Belfast Telegraph

Saturday 27 December 2014

Drifting satellite risk to cable TV

A TV satellite is drifting out of control above Earth
A TV satellite is drifting out of control above Earth

A TV communications satellite is drifting out of control thousands of miles above the Earth, threatening to wander into another satellite's orbit and interfere with cable programming across the US, the satellites' owners said.

Communications company Intelsat said it lost control of the Galaxy 15 satellite on April 5, possibly because the satellite's systems were knocked out by a solar storm.

Intelsat cannot remotely steer the satellite to remain in its orbit, so Galaxy 15 is creeping towards the adjacent path of another TV communications satellite that serves US cable companies.
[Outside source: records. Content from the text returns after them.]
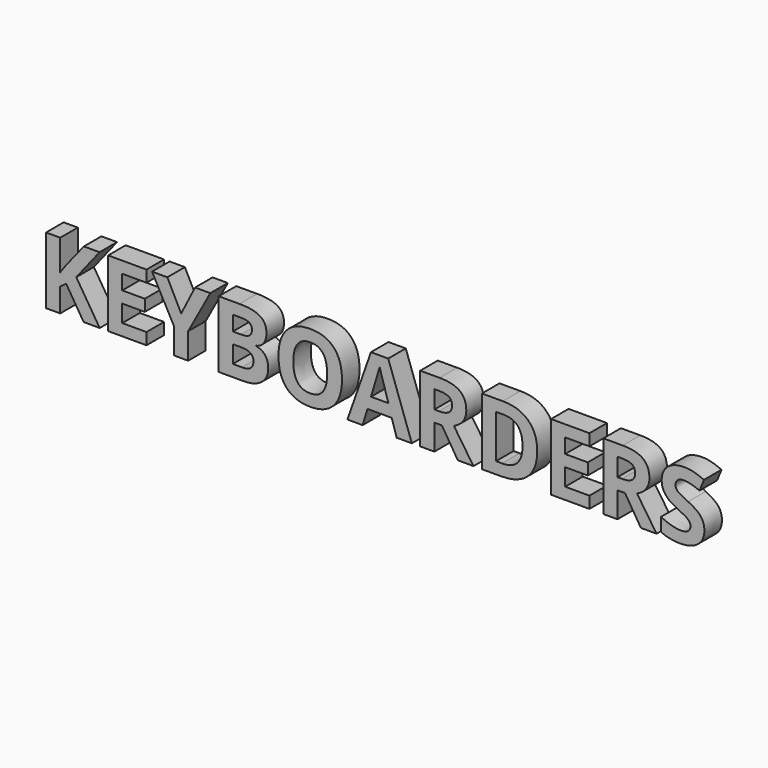
from build123d import *

# Parameters (mm, degrees)
F0_TEXT_SIZE = 108.0417927975
F1_DEPTH     = 25.4


# Not quite as in the source:
# - Text() gives the source's letters only with a copy of the font that has no kerning and outlines rounded to 1/6400 em; it was checked with that copy


with BuildPart() as f1:
    # F0 (on Front) → F1 (new body)
    with BuildSketch(Plane.XZ):
        with Locations((-377.9127150774, -35.7414004393)):
            Text('KEYBOARDERS', F0_TEXT_SIZE, font='Open Sans', font_style=FontStyle.BOLD, text_align=(TextAlign.LEFT, TextAlign.BOTTOM))
    extrude(amount=F1_DEPTH)


solid = f1.part

Galaxy 15 continues to receive and transmit satellite signals and they will probably overlap and interfere with signals from the second satellite, known as AMC 11, if Galaxy 15 drifts into its orbit as expected around May 23, according to the two satellite companies.

AMC 11 receives digital programming from cable television channels and transmits it to all US cable systems from its orbit 22,000 miles above the equator, SES World Skies said. It operates on the same frequencies as Galaxy 15.

"That fact means that there is likely to be some kind of interference," Yves Feltes, a spokesman for AMC 11 owner SES World Skies, said. "Our aim is to bring any interference down to zero." He would not name any of the cable television channels or providers that could be affected or say how long the interference could last.

DirecTV, the largest US satellite TV company, said it will not be affected. Comcast said it is monitoring the situation. Cox Communications said it could not immediately specify if its service will be affected and Dish Network, Time Warner Cable, Charter Communications and Cablevision Systems had no statements on the matter or did not return calls seeking comment.

Galaxy 15 was floating over the Pacific Ocean slightly to the east of Hawaii, said Emmet Fletcher, space surveillance and tracking manager for the Space Situational Awareness Programme at the European Space Agency, an 18-nation consortium.

He said Galaxy 15 was highly unusual because it continued to send out television signals, unlike other malfunctioning satellites that automatically went into complete shutdown when their navigational systems malfunctioned.

The dead satellites are still a threat to other satellites, but less of one than Galaxy 15 poses, Mr Fletcher said. "They'll just cruise around the geobelt, drifting wherever they go, potentially causing havoc, when you lose control of them," he said. The geobelt is the relatively narrow band of space where satellites can move in orbits that allow them to appear stationary in the sky in relation to specific points on Earth.